What is RAG?
RAG (Retrieval-Augmented Generation) is the technique that makes AI responses accurate and grounded in your actual content instead of relying solely on the model's training data.
The core idea is simple: before the LLM generates a response, the system retrieves the most relevant documents from your content and includes them in the prompt. The LLM then answers based on real, up-to-date information rather than what it memorized during training.
The Problem RAG Solves
Large Language Models are trained on vast amounts of text, but they have critical limitations:
- Knowledge cutoff — They don't know about content created after their training date
- No access to private data — They've never seen your internal documents, product specs, or company policies
- Hallucination — When they don't know an answer, they may generate plausible-sounding but incorrect information
- Generic responses — Without specific context, answers are broad and imprecise
RAG eliminates these problems by giving the LLM access to your actual content at query time.

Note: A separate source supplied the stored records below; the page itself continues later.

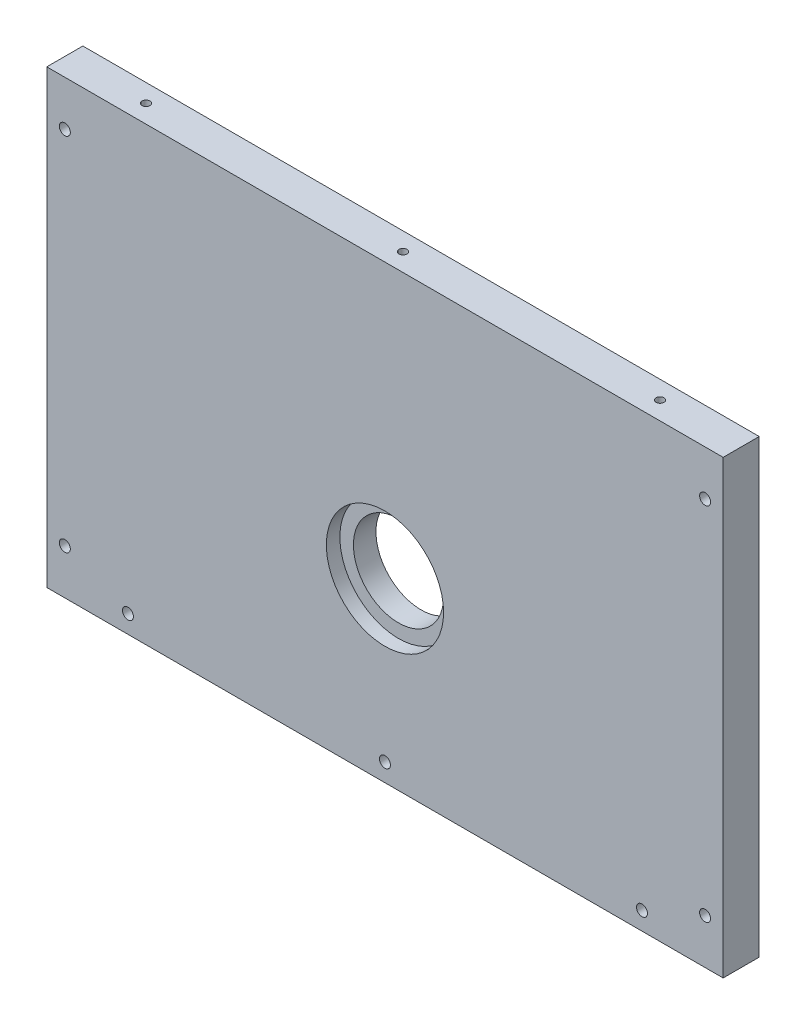
ISO-10303-21;
HEADER;
FILE_DESCRIPTION(('STEP AP214'),'2;1');
FILE_NAME('part.step','',(''),(''),'','','');
FILE_SCHEMA(('AUTOMOTIVE_DESIGN { 1 0 10303 214 1 1 1 1 }'));
ENDSEC;
DATA;
#1=APPLICATION_CONTEXT('core data for automotive mechanical design processes');
#2=APPLICATION_PROTOCOL_DEFINITION('international standard','automotive_design',2000,#1);
#3=PRODUCT_CONTEXT('',#1,'mechanical');
#4=PRODUCT('Part','Part','',(#3));
#5=PRODUCT_RELATED_PRODUCT_CATEGORY('part','',(#4));
#6=PRODUCT_DEFINITION_FORMATION('','',#4);
#7=PRODUCT_DEFINITION_CONTEXT('part definition',#1,'design');
#8=PRODUCT_DEFINITION('design','',#6,#7);
#9=PRODUCT_DEFINITION_SHAPE('','',#8);
#10=(LENGTH_UNIT() NAMED_UNIT(*) SI_UNIT(.MILLI.,.METRE.));
#11=(NAMED_UNIT(*) PLANE_ANGLE_UNIT() SI_UNIT($,.RADIAN.));
#12=(NAMED_UNIT(*) SI_UNIT($,.STERADIAN.) SOLID_ANGLE_UNIT());
#13=UNCERTAINTY_MEASURE_WITH_UNIT(LENGTH_MEASURE(1.E-05),#10,'distance_accuracy_value','');
#14=(GEOMETRIC_REPRESENTATION_CONTEXT(3) GLOBAL_UNCERTAINTY_ASSIGNED_CONTEXT((#13)) GLOBAL_UNIT_ASSIGNED_CONTEXT((#10,
#11,#12)) REPRESENTATION_CONTEXT('',''));
#15=CARTESIAN_POINT('',(0.,0.,0.));
#16=DIRECTION('',(0.,0.,1.));
#17=DIRECTION('',(1.,0.,0.));
#18=AXIS2_PLACEMENT_3D('',#15,#16,#17);
#19=CARTESIAN_POINT('',(75.,39.2,0.));
#20=DIRECTION('',(0.,0.,1.));
#21=DIRECTION('',(1.,0.,0.));
#22=AXIS2_PLACEMENT_3D('',#19,#20,#21);
#23=CYLINDRICAL_SURFACE('',#22,10.);
#24=CARTESIAN_POINT('',(75.,39.2,0.));
#25=DIRECTION('',(0.,0.,1.));
#26=DIRECTION('',(1.,0.,0.));
#27=AXIS2_PLACEMENT_3D('',#24,#25,#26);
#28=CIRCLE('',#27,10.);
#29=CARTESIAN_POINT('',(85.,39.2,0.));
#30=VERTEX_POINT('',#29);
#31=EDGE_CURVE('E131',#30,#30,#28,.T.);
#32=ORIENTED_EDGE('',*,*,#31,.F.);
#33=EDGE_LOOP('',(#32));
#34=FACE_BOUND('',#33,.T.);
#35=CARTESIAN_POINT('',(75.,39.2,5.));
#36=DIRECTION('',(0.,0.,1.));
#37=DIRECTION('',(1.,0.,0.));
#38=AXIS2_PLACEMENT_3D('',#35,#36,#37);
#39=CIRCLE('',#38,10.);
#40=CARTESIAN_POINT('',(85.,39.2,5.));
#41=VERTEX_POINT('',#40);
#42=EDGE_CURVE('E43',#41,#41,#39,.F.);
#43=ORIENTED_EDGE('',*,*,#42,.F.);
#44=EDGE_LOOP('',(#43));
#45=FACE_BOUND('',#44,.T.);
#46=ADVANCED_FACE('F39',(#34,#45),#23,.F.);
#47=CARTESIAN_POINT('',(0.,0.,8.));
#48=DIRECTION('',(1.,0.,0.));
#49=DIRECTION('',(0.,0.,-1.));
#50=AXIS2_PLACEMENT_3D('',#47,#48,#49);
#51=PLANE('',#50);
#52=DIRECTION('',(0.,-1.,0.));
#53=VECTOR('',#52,1.);
#54=CARTESIAN_POINT('',(0.,0.,0.));
#55=LINE('',#54,#53);
#56=CARTESIAN_POINT('',(0.,100.,0.));
#57=VERTEX_POINT('',#56);
#58=CARTESIAN_POINT('',(0.,0.,0.));
#59=VERTEX_POINT('',#58);
#60=EDGE_CURVE('E218',#57,#59,#55,.T.);
#61=ORIENTED_EDGE('',*,*,#60,.T.);
#62=DIRECTION('',(0.,0.,-1.));
#63=VECTOR('',#62,1.);
#64=CARTESIAN_POINT('',(0.,0.,8.));
#65=LINE('',#64,#63);
#66=CARTESIAN_POINT('',(0.,0.,8.));
#67=VERTEX_POINT('',#66);
#68=EDGE_CURVE('E11',#67,#59,#65,.T.);
#69=ORIENTED_EDGE('',*,*,#68,.F.);
#70=DIRECTION('',(0.,-1.,0.));
#71=VECTOR('',#70,1.);
#72=CARTESIAN_POINT('',(0.,0.,8.));
#73=LINE('',#72,#71);
#74=CARTESIAN_POINT('',(0.,100.,8.));
#75=VERTEX_POINT('',#74);
#76=EDGE_CURVE('E219',#75,#67,#73,.T.);
#77=ORIENTED_EDGE('',*,*,#76,.F.);
#78=DIRECTION('',(0.,0.,-1.));
#79=VECTOR('',#78,1.);
#80=CARTESIAN_POINT('',(0.,100.,8.));
#81=LINE('',#80,#79);
#82=EDGE_CURVE('E225',#75,#57,#81,.T.);
#83=ORIENTED_EDGE('',*,*,#82,.T.);
#84=EDGE_LOOP('',(#61,#69,#77,#83));
#85=FACE_BOUND('',#84,.T.);
#86=ADVANCED_FACE('F41',(#85),#51,.F.);
#87=CARTESIAN_POINT('',(0.,0.,8.));
#88=DIRECTION('',(0.,1.,0.));
#89=DIRECTION('',(0.,0.,1.));
#90=AXIS2_PLACEMENT_3D('',#87,#88,#89);
#91=PLANE('',#90);
#92=DIRECTION('',(1.,0.,0.));
#93=VECTOR('',#92,1.);
#94=CARTESIAN_POINT('',(0.,0.,0.));
#95=LINE('',#94,#93);
#96=CARTESIAN_POINT('',(150.,0.,0.));
#97=VERTEX_POINT('',#96);
#98=EDGE_CURVE('E228',#59,#97,#95,.T.);
#99=ORIENTED_EDGE('',*,*,#98,.T.);
#100=DIRECTION('',(0.,0.,-1.));
#101=VECTOR('',#100,1.);
#102=CARTESIAN_POINT('',(150.,0.,8.));
#103=LINE('',#102,#101);
#104=CARTESIAN_POINT('',(150.,0.,8.));
#105=VERTEX_POINT('',#104);
#106=EDGE_CURVE('E49',#105,#97,#103,.T.);
#107=ORIENTED_EDGE('',*,*,#106,.F.);
#108=DIRECTION('',(1.,0.,0.));
#109=VECTOR('',#108,1.);
#110=CARTESIAN_POINT('',(0.,0.,8.));
#111=LINE('',#110,#109);
#112=EDGE_CURVE('E88',#67,#105,#111,.T.);
#113=ORIENTED_EDGE('',*,*,#112,.F.);
#114=ORIENTED_EDGE('',*,*,#68,.T.);
#115=EDGE_LOOP('',(#99,#107,#113,#114));
#116=FACE_BOUND('',#115,.T.);
#117=ADVANCED_FACE('F254',(#116),#91,.F.);
#118=CARTESIAN_POINT('',(150.,0.,8.));
#119=DIRECTION('',(-1.,0.,0.));
#120=DIRECTION('',(0.,0.,1.));
#121=AXIS2_PLACEMENT_3D('',#118,#119,#120);
#122=PLANE('',#121);
#123=DIRECTION('',(0.,1.,0.));
#124=VECTOR('',#123,1.);
#125=CARTESIAN_POINT('',(150.,0.,0.));
#126=LINE('',#125,#124);
#127=CARTESIAN_POINT('',(150.,100.,0.));
#128=VERTEX_POINT('',#127);
#129=EDGE_CURVE('E75',#97,#128,#126,.T.);
#130=ORIENTED_EDGE('',*,*,#129,.T.);
#131=DIRECTION('',(0.,0.,-1.));
#132=VECTOR('',#131,1.);
#133=CARTESIAN_POINT('',(150.,100.,8.));
#134=LINE('',#133,#132);
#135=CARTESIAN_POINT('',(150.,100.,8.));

How RAG Works — Step by Step
Phase 1 — Indexing (one-time per document)
- Document ingestion — Content enters Turing ES via connectors (AEM, web crawler) or file uploads (Assets/Knowledge Base)
- Text extraction — Apache Tika extracts text from PDFs, DOCX, XLSX, HTML, and other formats
- Chunking — The extracted text is split into chunks (default: 1,024 characters) to fit within embedding model limits
- Embedding — Each chunk is passed through the Embedding Model, which converts text into a high-dimensional numerical vector (e.g., a 1,536-dimension array of floats)
- Storage — The vectors are stored in the Embedding Store alongside metadata (source file, chunk position, original text)
Phase 2 — Retrieval (on every user question)
- Query embedding — The user's question is converted into a vector using the same Embedding Model
- Similarity search — The Embedding Store finds the vectors most similar to the query vector (cosine similarity)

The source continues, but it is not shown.